• _DESCRIPTION OF THE TASK_
Without copying the images, write out all the entries below verbatim.

• _DATA PROVIDED_
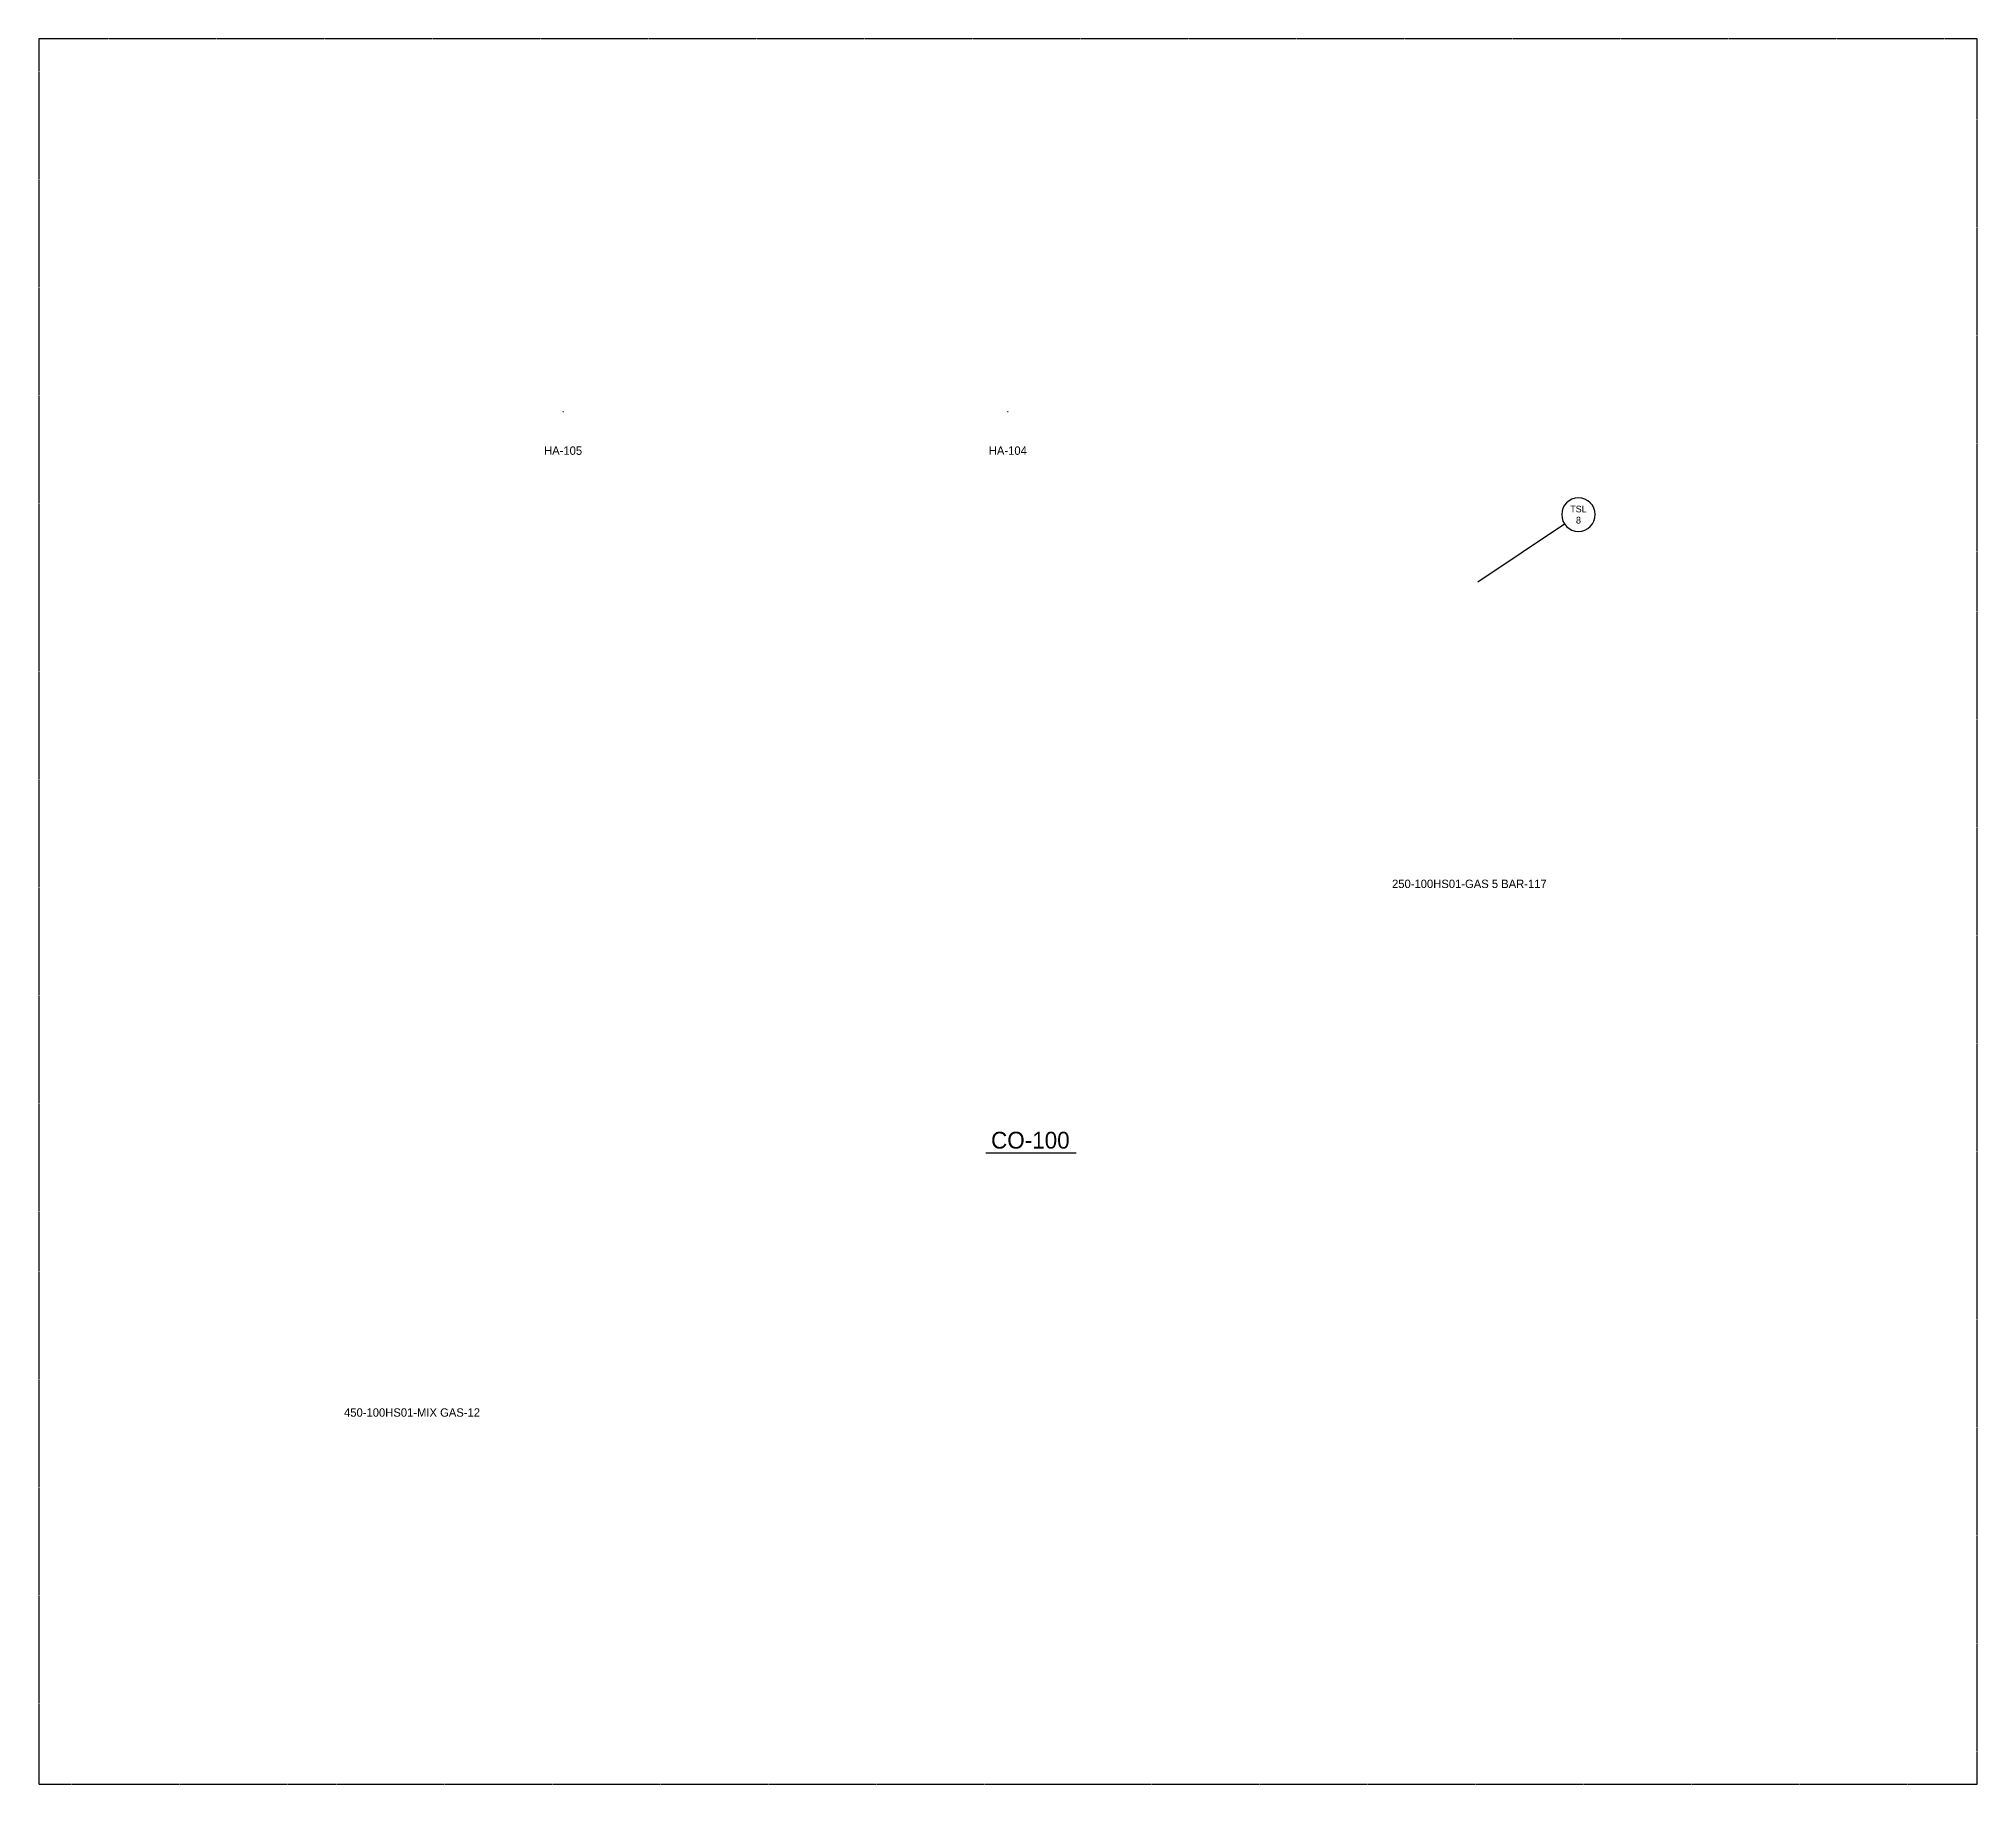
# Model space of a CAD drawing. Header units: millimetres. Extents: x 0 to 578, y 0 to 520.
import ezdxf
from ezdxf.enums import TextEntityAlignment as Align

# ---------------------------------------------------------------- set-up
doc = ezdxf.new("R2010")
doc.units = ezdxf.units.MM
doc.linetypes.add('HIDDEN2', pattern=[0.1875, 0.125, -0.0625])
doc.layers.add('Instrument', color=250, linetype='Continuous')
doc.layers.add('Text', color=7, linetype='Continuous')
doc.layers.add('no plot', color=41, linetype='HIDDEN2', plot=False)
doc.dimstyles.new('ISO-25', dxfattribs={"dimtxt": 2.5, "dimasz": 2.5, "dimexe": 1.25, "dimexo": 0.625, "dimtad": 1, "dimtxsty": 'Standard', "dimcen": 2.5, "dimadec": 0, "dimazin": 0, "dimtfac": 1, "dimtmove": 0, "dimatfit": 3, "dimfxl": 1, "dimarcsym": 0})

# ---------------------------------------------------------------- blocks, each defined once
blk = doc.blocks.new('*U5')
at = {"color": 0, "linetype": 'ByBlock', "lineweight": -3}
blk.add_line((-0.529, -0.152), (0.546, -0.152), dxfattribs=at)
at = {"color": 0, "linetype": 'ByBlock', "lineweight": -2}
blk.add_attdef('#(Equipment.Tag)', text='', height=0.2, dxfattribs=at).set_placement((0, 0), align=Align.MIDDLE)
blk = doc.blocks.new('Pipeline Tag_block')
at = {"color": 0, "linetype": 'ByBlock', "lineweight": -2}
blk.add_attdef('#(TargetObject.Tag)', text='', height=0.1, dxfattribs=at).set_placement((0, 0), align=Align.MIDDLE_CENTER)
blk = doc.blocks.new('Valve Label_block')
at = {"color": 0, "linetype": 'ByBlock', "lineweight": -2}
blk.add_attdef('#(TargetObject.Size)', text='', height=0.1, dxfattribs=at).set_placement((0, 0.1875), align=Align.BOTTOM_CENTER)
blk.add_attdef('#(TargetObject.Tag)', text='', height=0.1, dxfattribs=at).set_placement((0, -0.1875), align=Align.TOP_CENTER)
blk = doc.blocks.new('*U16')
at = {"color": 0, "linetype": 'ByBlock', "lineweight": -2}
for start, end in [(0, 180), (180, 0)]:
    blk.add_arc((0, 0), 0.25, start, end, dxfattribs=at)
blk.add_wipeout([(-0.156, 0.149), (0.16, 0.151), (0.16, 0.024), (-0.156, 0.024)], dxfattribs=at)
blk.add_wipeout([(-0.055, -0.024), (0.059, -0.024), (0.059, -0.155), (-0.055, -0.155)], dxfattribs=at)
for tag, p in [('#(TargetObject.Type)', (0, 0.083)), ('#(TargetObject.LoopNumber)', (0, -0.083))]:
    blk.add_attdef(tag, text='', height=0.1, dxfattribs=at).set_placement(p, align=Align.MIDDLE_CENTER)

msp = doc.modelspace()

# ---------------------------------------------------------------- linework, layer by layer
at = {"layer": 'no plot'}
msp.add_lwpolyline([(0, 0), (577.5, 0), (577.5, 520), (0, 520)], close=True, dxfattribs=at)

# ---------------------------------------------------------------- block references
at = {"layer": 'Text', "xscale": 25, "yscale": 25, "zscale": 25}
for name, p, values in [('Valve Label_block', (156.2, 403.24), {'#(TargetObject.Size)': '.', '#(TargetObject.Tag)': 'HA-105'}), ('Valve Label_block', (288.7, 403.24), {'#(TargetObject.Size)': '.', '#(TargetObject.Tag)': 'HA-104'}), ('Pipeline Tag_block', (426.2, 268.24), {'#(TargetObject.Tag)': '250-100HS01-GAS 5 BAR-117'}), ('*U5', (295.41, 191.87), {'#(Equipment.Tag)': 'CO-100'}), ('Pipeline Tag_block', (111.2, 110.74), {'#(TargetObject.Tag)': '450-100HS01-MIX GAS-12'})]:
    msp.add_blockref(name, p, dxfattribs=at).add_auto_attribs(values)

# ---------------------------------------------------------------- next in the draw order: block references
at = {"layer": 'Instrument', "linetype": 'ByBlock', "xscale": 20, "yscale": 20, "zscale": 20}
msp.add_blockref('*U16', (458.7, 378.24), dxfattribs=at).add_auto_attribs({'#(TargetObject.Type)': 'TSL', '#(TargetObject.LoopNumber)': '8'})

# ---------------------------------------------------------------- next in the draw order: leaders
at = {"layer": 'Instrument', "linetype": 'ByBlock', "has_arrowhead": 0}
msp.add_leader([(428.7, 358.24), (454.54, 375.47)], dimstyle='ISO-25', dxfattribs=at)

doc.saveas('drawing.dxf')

• _SOLUTION TO THE EXERCISE_
# Model space of a CAD drawing. Header units: millimetres. Extents: x 0 to 578, y 0 to 520.
import ezdxf
from ezdxf.enums import TextEntityAlignment as Align

# ---------------------------------------------------------------- set-up
doc = ezdxf.new("R2010")
doc.units = ezdxf.units.MM
doc.linetypes.add('HIDDEN2', pattern=[0.1875, 0.125, -0.0625])
doc.layers.add('Instrument', color=250, linetype='Continuous')
doc.layers.add('Text', color=7, linetype='Continuous')
doc.layers.add('no plot', color=41, linetype='HIDDEN2', plot=False)
doc.dimstyles.new('ISO-25', dxfattribs={"dimtxt": 2.5, "dimasz": 2.5, "dimexe": 1.25, "dimexo": 0.625, "dimtad": 1, "dimtxsty": 'Standard', "dimcen": 2.5, "dimadec": 0, "dimazin": 0, "dimtfac": 1, "dimtmove": 0, "dimatfit": 3, "dimfxl": 1, "dimarcsym": 0})

# ---------------------------------------------------------------- blocks, each defined once
blk = doc.blocks.new('*U5')
at = {"color": 0, "linetype": 'ByBlock', "lineweight": -3}
blk.add_line((-0.529, -0.152), (0.546, -0.152), dxfattribs=at)
at = {"color": 0, "linetype": 'ByBlock', "lineweight": -2}
blk.add_attdef('#(Equipment.Tag)', text='', height=0.2, dxfattribs=at).set_placement((0, 0), align=Align.MIDDLE)
blk = doc.blocks.new('Pipeline Tag_block')
at = {"color": 0, "linetype": 'ByBlock', "lineweight": -2}
blk.add_attdef('#(TargetObject.Tag)', text='', height=0.1, dxfattribs=at).set_placement((0, 0), align=Align.MIDDLE_CENTER)
blk = doc.blocks.new('Valve Label_block')
at = {"color": 0, "linetype": 'ByBlock', "lineweight": -2}
blk.add_attdef('#(TargetObject.Size)', text='', height=0.1, dxfattribs=at).set_placement((0, 0.1875), align=Align.BOTTOM_CENTER)
blk.add_attdef('#(TargetObject.Tag)', text='', height=0.1, dxfattribs=at).set_placement((0, -0.1875), align=Align.TOP_CENTER)
blk = doc.blocks.new('*U16')
at = {"color": 0, "linetype": 'ByBlock', "lineweight": -2}
for start, end in [(0, 180), (180, 0)]:
    blk.add_arc((0, 0), 0.25, start, end, dxfattribs=at)
blk.add_wipeout([(-0.156, 0.149), (0.16, 0.151), (0.16, 0.024), (-0.156, 0.024)], dxfattribs=at)
blk.add_wipeout([(-0.055, -0.024), (0.059, -0.024), (0.059, -0.155), (-0.055, -0.155)], dxfattribs=at)
for tag, p in [('#(TargetObject.Type)', (0, 0.083)), ('#(TargetObject.LoopNumber)', (0, -0.083))]:
    blk.add_attdef(tag, text='', height=0.1, dxfattribs=at).set_placement(p, align=Align.MIDDLE_CENTER)

msp = doc.modelspace()

# ---------------------------------------------------------------- linework, layer by layer
at = {"layer": 'no plot'}
msp.add_lwpolyline([(0, 0), (577.5, 0), (577.5, 520), (0, 520)], close=True, dxfattribs=at)

# ---------------------------------------------------------------- block references
at = {"layer": 'Text', "xscale": 25, "yscale": 25, "zscale": 25}
for name, p, values in [('Valve Label_block', (156.2, 403.24), {'#(TargetObject.Size)': '.', '#(TargetObject.Tag)': 'HA-105'}), ('Valve Label_block', (288.7, 403.24), {'#(TargetObject.Size)': '.', '#(TargetObject.Tag)': 'HA-104'}), ('Pipeline Tag_block', (426.2, 268.24), {'#(TargetObject.Tag)': '250-100HS01-GAS 5 BAR-117'}), ('*U5', (295.41, 191.87), {'#(Equipment.Tag)': 'CO-100'}), ('Pipeline Tag_block', (111.2, 110.74), {'#(TargetObject.Tag)': '450-100HS01-MIX GAS-12'})]:
    msp.add_blockref(name, p, dxfattribs=at).add_auto_attribs(values)

# ---------------------------------------------------------------- next in the draw order: block references
at = {"layer": 'Instrument', "linetype": 'ByBlock', "xscale": 20, "yscale": 20, "zscale": 20}
msp.add_blockref('*U16', (458.7, 378.24), dxfattribs=at).add_auto_attribs({'#(TargetObject.Type)': 'TSL', '#(TargetObject.LoopNumber)': '8'})

# ---------------------------------------------------------------- next in the draw order: leaders
at = {"layer": 'Instrument', "linetype": 'ByBlock', "has_arrowhead": 0}
msp.add_leader([(428.7, 358.24), (454.54, 375.47)], dimstyle='ISO-25', dxfattribs=at)

doc.saveas('drawing.dxf')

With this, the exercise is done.